Exercise goal = Using the records that follow, work out the number of lines with the word "ezdxf" in them; reply with that number only.

(Items listed in a dataset)
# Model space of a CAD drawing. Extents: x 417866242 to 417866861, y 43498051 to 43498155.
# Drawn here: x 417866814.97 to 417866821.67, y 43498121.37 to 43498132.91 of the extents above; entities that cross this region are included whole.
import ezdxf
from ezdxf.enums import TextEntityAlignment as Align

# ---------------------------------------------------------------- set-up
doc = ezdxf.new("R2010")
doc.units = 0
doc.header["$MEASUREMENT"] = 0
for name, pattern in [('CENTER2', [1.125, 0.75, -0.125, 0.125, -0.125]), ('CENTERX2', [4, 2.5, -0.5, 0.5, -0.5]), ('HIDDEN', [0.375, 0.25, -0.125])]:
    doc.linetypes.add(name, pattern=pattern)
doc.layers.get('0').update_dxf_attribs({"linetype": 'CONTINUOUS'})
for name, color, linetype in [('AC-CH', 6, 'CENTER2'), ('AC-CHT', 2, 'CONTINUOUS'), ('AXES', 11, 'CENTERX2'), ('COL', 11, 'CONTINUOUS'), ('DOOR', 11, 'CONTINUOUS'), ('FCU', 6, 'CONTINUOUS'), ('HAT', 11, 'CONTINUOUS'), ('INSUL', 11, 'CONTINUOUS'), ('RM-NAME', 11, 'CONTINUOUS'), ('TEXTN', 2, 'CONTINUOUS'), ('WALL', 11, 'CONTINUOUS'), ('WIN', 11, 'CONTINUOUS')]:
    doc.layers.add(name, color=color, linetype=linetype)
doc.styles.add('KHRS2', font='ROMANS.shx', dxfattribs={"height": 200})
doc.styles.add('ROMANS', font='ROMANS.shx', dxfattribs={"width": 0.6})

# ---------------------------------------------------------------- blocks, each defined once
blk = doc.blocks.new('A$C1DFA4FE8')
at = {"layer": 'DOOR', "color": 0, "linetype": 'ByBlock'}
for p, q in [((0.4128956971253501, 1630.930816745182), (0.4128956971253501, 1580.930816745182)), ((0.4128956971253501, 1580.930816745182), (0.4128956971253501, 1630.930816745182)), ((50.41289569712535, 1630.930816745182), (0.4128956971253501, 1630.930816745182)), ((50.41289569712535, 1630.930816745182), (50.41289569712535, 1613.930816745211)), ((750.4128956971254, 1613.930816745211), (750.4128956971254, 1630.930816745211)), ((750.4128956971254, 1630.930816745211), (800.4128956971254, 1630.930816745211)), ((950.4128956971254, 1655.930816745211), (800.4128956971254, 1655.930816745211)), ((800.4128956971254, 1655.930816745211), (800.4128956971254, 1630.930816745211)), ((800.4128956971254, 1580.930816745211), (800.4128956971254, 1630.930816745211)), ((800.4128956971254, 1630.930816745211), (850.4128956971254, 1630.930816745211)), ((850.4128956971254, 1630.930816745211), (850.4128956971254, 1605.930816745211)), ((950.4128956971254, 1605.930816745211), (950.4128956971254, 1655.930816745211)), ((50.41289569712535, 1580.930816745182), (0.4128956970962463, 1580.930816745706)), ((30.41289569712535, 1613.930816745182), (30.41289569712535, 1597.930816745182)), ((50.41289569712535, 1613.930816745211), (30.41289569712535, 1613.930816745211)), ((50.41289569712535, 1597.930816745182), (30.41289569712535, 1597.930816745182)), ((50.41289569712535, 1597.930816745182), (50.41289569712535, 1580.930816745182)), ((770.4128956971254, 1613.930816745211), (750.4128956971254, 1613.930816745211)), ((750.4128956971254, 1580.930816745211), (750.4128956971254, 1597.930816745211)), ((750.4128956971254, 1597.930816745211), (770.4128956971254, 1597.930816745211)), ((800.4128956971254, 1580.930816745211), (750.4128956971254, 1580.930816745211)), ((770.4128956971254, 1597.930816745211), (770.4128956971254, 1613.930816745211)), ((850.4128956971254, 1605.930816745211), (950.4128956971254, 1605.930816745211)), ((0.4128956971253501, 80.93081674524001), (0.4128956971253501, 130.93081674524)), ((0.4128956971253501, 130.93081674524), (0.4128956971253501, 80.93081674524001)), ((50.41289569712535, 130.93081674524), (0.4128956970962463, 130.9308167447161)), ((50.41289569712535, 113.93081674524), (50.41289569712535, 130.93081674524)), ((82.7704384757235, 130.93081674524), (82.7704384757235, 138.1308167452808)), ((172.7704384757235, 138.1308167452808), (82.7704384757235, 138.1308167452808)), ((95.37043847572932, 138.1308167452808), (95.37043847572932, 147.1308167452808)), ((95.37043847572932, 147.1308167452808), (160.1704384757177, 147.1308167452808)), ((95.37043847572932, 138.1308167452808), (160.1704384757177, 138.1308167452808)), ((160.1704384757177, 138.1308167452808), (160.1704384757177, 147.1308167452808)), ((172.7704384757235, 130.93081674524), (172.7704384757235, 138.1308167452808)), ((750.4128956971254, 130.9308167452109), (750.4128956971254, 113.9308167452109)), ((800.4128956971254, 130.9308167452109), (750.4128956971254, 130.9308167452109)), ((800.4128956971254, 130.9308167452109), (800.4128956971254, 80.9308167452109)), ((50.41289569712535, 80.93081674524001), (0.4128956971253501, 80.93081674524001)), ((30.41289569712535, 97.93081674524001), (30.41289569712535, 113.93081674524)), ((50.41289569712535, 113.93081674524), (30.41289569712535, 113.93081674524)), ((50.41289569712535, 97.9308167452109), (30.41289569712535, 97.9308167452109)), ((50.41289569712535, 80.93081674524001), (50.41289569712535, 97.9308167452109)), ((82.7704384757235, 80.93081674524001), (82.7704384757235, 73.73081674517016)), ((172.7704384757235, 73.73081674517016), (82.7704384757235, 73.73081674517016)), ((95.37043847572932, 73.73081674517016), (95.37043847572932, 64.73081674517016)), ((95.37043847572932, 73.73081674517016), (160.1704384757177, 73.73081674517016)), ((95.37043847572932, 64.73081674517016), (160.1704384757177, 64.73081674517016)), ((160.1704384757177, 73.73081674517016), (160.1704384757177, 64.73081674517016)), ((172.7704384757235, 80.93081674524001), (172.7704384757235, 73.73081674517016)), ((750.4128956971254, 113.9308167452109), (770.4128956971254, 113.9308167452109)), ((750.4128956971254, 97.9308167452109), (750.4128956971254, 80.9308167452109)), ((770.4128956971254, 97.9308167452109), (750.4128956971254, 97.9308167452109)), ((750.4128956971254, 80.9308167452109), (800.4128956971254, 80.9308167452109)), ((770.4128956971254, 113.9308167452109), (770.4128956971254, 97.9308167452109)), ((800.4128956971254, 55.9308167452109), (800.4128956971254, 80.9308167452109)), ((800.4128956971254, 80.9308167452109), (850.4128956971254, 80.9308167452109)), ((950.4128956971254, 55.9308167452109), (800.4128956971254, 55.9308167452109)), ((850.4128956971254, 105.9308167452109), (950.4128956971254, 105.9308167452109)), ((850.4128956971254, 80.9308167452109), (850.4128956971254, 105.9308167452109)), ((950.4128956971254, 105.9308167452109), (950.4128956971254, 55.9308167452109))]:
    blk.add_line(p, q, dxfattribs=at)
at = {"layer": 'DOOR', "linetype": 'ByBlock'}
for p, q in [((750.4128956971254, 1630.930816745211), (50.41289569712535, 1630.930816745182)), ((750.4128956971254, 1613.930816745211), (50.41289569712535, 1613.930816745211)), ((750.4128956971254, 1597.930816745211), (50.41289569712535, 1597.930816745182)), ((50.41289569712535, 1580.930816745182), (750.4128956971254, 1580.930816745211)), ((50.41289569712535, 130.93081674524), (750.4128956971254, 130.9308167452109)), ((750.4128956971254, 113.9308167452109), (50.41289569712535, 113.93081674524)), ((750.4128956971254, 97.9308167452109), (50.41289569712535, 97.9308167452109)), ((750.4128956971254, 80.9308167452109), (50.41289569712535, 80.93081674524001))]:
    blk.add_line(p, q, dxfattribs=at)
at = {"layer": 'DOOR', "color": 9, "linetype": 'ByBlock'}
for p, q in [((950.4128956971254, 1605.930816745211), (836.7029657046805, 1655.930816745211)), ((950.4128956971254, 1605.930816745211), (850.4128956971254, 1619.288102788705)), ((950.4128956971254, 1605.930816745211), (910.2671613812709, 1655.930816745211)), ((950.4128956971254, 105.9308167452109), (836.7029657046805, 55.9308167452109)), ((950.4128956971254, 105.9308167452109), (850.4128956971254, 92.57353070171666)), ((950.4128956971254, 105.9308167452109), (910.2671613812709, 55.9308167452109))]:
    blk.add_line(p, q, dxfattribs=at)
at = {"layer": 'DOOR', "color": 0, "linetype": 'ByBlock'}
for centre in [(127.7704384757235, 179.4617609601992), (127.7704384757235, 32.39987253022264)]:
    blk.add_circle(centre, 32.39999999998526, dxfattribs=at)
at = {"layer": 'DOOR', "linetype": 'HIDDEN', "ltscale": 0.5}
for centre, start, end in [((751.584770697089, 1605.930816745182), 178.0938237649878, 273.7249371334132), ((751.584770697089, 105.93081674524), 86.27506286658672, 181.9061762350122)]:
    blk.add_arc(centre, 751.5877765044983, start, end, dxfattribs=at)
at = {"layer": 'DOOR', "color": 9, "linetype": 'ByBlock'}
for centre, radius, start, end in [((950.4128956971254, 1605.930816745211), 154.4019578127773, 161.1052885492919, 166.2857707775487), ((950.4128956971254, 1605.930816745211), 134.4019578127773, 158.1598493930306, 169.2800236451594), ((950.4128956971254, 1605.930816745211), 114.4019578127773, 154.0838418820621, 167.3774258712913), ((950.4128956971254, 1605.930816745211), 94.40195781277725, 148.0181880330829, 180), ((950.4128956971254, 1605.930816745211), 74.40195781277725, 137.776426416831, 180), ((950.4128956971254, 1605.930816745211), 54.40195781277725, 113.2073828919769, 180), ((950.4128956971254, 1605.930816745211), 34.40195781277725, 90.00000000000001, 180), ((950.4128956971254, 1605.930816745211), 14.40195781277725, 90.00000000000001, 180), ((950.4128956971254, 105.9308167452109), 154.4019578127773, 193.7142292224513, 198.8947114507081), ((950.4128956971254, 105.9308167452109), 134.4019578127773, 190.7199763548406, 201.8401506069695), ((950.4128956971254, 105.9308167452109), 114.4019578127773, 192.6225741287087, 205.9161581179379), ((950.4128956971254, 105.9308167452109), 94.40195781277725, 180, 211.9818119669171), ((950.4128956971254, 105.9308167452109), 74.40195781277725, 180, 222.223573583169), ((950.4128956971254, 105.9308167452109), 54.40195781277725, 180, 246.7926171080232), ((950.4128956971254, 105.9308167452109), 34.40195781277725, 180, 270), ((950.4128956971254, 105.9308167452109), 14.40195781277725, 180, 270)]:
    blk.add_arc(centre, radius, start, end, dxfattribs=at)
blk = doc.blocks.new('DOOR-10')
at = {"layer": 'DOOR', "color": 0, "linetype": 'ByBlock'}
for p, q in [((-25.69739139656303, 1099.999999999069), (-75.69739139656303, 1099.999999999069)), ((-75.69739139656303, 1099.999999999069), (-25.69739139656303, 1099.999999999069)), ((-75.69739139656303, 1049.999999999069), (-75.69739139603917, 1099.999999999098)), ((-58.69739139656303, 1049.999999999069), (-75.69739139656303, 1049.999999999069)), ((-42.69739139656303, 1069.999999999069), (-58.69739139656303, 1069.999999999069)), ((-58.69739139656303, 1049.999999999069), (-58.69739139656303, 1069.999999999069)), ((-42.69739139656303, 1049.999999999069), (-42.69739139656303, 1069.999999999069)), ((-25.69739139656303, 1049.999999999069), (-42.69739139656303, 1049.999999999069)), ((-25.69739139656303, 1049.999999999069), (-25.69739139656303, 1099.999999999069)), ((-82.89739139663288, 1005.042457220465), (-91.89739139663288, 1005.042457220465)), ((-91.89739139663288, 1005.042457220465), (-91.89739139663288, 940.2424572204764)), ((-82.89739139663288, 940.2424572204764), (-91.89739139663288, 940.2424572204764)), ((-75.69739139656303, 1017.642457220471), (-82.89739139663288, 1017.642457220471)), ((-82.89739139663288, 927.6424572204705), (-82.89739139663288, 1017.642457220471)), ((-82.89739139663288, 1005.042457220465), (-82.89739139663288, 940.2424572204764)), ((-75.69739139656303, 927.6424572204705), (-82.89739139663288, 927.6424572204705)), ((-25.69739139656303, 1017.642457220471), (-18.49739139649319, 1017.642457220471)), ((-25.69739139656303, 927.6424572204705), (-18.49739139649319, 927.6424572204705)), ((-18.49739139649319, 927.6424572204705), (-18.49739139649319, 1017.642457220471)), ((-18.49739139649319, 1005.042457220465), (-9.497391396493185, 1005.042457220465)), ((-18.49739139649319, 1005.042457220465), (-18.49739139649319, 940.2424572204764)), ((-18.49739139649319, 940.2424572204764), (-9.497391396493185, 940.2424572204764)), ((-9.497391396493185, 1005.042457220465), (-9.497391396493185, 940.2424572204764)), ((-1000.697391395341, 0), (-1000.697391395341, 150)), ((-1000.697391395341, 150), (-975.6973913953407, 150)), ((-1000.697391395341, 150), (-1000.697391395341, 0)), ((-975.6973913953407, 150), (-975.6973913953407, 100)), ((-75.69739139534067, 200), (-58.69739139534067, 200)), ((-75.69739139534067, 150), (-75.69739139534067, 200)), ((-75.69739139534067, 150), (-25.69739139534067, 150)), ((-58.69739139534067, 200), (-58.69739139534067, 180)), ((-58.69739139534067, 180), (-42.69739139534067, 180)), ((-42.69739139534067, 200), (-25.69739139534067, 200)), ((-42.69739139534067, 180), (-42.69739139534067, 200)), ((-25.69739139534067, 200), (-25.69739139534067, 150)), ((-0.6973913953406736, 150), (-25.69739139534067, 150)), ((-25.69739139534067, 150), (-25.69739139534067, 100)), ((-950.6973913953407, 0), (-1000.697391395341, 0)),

Expected output = 3